Pros and cons of preprints for pharma
Kwisha Shah
Written by Kwisha Shah

Preprints are not new, and neither are the many arguments surrounding them. Nevertheless, they are increasingly being accepted in the life sciences, as many believe that science will benefit more from openness. Tanya Parish, Editor in Chief of Microbiology, mentions, “We recognize the role they (preprints) play in the rapid dissemination of information, similar to posters and oral presentations at scientific conferences.” Kalai Mathee, co-Editor in Chief of Journal of Medical Microbiology, echoes this belief: “Preprints provide a fantastic vehicle for rapid dissemination of significant findings, offer a viable time-stamp to the research, and importantly a fair-attribution of the discovery.”
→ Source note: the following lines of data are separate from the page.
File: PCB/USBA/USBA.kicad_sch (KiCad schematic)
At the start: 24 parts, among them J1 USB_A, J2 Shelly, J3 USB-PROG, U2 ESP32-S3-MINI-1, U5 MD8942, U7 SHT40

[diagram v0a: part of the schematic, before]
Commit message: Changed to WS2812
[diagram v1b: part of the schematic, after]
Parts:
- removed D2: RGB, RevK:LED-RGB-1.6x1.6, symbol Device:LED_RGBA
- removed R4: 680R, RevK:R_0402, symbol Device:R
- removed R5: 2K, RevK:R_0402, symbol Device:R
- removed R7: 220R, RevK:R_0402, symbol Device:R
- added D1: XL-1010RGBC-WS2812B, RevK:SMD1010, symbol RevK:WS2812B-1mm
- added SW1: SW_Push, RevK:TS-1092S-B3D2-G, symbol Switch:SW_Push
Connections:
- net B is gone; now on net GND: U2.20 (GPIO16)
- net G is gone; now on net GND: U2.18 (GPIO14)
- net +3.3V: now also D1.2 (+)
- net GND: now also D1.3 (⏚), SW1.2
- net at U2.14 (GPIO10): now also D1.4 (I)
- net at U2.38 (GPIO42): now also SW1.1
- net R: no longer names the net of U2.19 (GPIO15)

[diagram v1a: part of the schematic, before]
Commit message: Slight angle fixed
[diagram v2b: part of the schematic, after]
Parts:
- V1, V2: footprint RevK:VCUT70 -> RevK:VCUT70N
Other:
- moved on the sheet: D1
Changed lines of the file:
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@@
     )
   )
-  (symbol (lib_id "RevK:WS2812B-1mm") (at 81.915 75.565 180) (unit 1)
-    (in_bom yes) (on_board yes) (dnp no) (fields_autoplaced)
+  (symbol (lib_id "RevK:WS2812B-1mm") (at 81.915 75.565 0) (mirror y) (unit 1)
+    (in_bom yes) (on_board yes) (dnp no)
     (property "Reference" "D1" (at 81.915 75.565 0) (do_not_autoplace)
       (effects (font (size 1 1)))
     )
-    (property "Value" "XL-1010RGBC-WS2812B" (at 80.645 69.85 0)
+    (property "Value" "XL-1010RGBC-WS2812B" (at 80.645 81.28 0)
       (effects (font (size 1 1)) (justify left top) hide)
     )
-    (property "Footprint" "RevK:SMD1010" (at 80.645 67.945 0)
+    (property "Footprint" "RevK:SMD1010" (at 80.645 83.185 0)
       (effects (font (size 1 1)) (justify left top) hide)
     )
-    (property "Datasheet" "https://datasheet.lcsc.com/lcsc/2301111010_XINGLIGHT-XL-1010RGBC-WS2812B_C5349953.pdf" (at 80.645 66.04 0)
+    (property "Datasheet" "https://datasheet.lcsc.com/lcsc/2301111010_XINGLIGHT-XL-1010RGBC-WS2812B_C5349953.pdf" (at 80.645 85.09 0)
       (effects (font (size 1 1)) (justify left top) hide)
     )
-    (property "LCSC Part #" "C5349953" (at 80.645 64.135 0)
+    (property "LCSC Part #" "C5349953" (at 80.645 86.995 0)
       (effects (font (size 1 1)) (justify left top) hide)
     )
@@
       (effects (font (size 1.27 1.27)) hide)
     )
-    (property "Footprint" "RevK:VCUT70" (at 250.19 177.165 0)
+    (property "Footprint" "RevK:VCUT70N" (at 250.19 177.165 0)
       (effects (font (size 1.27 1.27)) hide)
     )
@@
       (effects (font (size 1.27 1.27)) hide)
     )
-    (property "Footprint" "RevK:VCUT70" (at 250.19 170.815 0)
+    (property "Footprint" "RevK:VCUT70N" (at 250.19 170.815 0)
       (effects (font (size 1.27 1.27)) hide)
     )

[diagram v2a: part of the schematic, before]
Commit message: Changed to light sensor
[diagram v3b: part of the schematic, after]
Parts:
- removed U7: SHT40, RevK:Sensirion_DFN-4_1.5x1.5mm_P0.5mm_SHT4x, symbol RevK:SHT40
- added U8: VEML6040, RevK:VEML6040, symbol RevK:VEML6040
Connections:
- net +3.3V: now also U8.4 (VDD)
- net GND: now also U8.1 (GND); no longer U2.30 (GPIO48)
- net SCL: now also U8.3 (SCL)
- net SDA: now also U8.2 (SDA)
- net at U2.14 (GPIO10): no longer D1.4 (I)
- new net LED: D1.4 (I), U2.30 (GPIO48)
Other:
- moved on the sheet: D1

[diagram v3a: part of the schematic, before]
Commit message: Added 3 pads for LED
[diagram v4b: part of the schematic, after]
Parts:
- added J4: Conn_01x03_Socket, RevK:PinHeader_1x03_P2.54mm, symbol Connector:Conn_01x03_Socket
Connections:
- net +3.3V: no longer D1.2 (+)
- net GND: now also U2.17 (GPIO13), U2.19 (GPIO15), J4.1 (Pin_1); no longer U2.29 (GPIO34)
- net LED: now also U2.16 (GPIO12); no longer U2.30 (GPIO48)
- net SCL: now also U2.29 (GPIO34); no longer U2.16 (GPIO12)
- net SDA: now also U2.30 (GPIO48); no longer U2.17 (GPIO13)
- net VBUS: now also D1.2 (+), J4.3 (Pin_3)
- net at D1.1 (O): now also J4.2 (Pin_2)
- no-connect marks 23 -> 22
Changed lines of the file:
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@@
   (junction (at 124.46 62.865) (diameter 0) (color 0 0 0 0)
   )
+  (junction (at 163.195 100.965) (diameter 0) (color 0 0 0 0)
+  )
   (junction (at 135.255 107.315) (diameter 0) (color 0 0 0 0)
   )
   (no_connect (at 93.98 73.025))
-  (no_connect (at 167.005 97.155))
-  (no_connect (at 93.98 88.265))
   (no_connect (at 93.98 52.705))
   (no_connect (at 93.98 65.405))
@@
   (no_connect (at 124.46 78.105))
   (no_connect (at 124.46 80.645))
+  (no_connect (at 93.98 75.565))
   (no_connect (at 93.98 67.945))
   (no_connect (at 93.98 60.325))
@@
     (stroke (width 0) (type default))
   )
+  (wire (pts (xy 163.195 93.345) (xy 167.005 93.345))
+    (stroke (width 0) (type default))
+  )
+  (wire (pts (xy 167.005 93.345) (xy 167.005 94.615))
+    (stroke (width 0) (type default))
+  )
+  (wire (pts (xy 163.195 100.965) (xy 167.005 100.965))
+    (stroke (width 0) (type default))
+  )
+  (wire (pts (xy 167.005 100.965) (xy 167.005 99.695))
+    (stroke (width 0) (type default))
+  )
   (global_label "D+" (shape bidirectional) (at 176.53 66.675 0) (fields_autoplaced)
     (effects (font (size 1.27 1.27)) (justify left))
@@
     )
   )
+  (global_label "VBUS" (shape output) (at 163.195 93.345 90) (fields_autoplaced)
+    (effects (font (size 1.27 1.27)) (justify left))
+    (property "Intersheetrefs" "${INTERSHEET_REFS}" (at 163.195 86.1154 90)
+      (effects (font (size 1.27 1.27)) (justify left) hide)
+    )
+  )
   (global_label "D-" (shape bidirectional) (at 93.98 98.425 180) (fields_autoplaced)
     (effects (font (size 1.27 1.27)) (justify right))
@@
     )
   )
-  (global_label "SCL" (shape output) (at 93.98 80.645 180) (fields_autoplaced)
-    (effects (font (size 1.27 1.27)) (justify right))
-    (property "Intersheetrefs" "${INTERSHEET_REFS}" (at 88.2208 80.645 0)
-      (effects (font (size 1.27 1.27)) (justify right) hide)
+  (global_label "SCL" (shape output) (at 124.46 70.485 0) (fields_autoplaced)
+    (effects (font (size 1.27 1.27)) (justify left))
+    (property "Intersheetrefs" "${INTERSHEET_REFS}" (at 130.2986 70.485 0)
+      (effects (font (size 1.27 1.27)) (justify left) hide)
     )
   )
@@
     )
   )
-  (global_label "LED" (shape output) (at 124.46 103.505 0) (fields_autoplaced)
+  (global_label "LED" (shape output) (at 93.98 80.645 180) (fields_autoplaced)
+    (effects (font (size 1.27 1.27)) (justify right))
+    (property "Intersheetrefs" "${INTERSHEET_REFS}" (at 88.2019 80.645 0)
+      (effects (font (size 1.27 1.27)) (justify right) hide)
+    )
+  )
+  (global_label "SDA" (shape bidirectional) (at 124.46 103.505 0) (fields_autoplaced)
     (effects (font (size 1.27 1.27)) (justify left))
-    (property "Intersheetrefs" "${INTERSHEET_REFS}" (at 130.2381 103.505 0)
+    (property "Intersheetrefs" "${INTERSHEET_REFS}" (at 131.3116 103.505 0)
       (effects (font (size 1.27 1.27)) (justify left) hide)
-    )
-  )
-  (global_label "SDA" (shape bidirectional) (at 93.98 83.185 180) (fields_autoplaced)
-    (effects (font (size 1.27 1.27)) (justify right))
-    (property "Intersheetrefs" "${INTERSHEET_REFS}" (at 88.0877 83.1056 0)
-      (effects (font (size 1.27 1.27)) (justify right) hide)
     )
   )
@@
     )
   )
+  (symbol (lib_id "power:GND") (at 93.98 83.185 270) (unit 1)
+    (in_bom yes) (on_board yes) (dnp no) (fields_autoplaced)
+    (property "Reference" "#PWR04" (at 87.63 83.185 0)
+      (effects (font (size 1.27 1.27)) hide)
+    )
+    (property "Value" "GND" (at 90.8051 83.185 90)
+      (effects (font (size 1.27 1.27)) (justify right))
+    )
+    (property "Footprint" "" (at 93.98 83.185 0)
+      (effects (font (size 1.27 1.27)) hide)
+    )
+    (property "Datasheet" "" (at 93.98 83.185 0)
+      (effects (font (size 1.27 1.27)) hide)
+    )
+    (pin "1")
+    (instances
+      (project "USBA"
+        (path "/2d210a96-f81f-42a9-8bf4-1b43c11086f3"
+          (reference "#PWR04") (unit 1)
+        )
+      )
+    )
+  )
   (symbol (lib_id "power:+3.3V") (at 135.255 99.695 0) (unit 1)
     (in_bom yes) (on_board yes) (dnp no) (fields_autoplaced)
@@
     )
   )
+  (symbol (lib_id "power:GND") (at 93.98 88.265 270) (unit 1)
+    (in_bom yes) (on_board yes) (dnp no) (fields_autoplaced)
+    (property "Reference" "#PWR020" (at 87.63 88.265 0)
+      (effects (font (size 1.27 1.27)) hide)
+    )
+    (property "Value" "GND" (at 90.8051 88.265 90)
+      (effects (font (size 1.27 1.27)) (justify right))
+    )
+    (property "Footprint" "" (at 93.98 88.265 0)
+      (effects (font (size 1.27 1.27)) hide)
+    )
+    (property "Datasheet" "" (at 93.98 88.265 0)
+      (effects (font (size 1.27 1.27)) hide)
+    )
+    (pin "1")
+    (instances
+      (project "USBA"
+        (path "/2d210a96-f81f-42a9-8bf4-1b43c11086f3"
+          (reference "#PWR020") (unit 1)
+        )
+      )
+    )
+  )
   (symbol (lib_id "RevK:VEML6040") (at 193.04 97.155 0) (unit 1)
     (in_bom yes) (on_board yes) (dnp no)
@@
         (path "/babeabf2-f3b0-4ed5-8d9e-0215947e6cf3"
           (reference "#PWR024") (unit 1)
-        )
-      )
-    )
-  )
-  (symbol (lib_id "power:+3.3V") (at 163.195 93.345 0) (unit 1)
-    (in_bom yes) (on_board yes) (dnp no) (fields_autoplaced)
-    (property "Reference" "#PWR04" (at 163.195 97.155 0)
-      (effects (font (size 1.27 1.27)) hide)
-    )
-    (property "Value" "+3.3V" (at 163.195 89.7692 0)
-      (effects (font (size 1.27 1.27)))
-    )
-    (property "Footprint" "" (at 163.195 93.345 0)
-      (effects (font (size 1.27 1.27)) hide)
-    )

Now, let’s go over what preprints mean for pharma and medicine.

Why is there skepticism around preprints?

There are numerous concerns about preprints in medicine and pharma. The foremost is that preprints do not undergo a formal peer review, and they are not screened for ethical compliance. There is also no process in place to confirm the novelty and appropriateness of a study. Consequently, readers can be suspicious of the quality of research in a preprint. Pharma-authored research needs to be trusted by healthcare practitioners and the medical community. Thus, pharma may be reluctant to publish preprints. Additionally, although several medical journals accept manuscripts that have been posted as preprints, not all journals do so; this may make the manuscript submission process more complicated for the medical affairs teams.

Furthermore, since preprints are generally not retracted and there are no industry-wide standards for dealing with issues arising due to preprints with problematic content, methods, or results (except in extreme circumstances such as legal issues, ethical concerns, or misconduct, where the paper in question is withdrawn), once incorrect information has been disseminated, it is extremely difficult to revise or make corrections. The preprint might be cited by mistake even after the final article is published in a journal. Yet another issue is that some researchers fear being scooped by peers and predatory publishers. Preprints can also be inappropriately used by competitors by posting research prematurely to “stake a claim” or by commenting negatively on a preprint to criticize the drug or product being described therein and promoting their own instead. As preprints are made available in the public domain, there is no control over feedback with malicious intent.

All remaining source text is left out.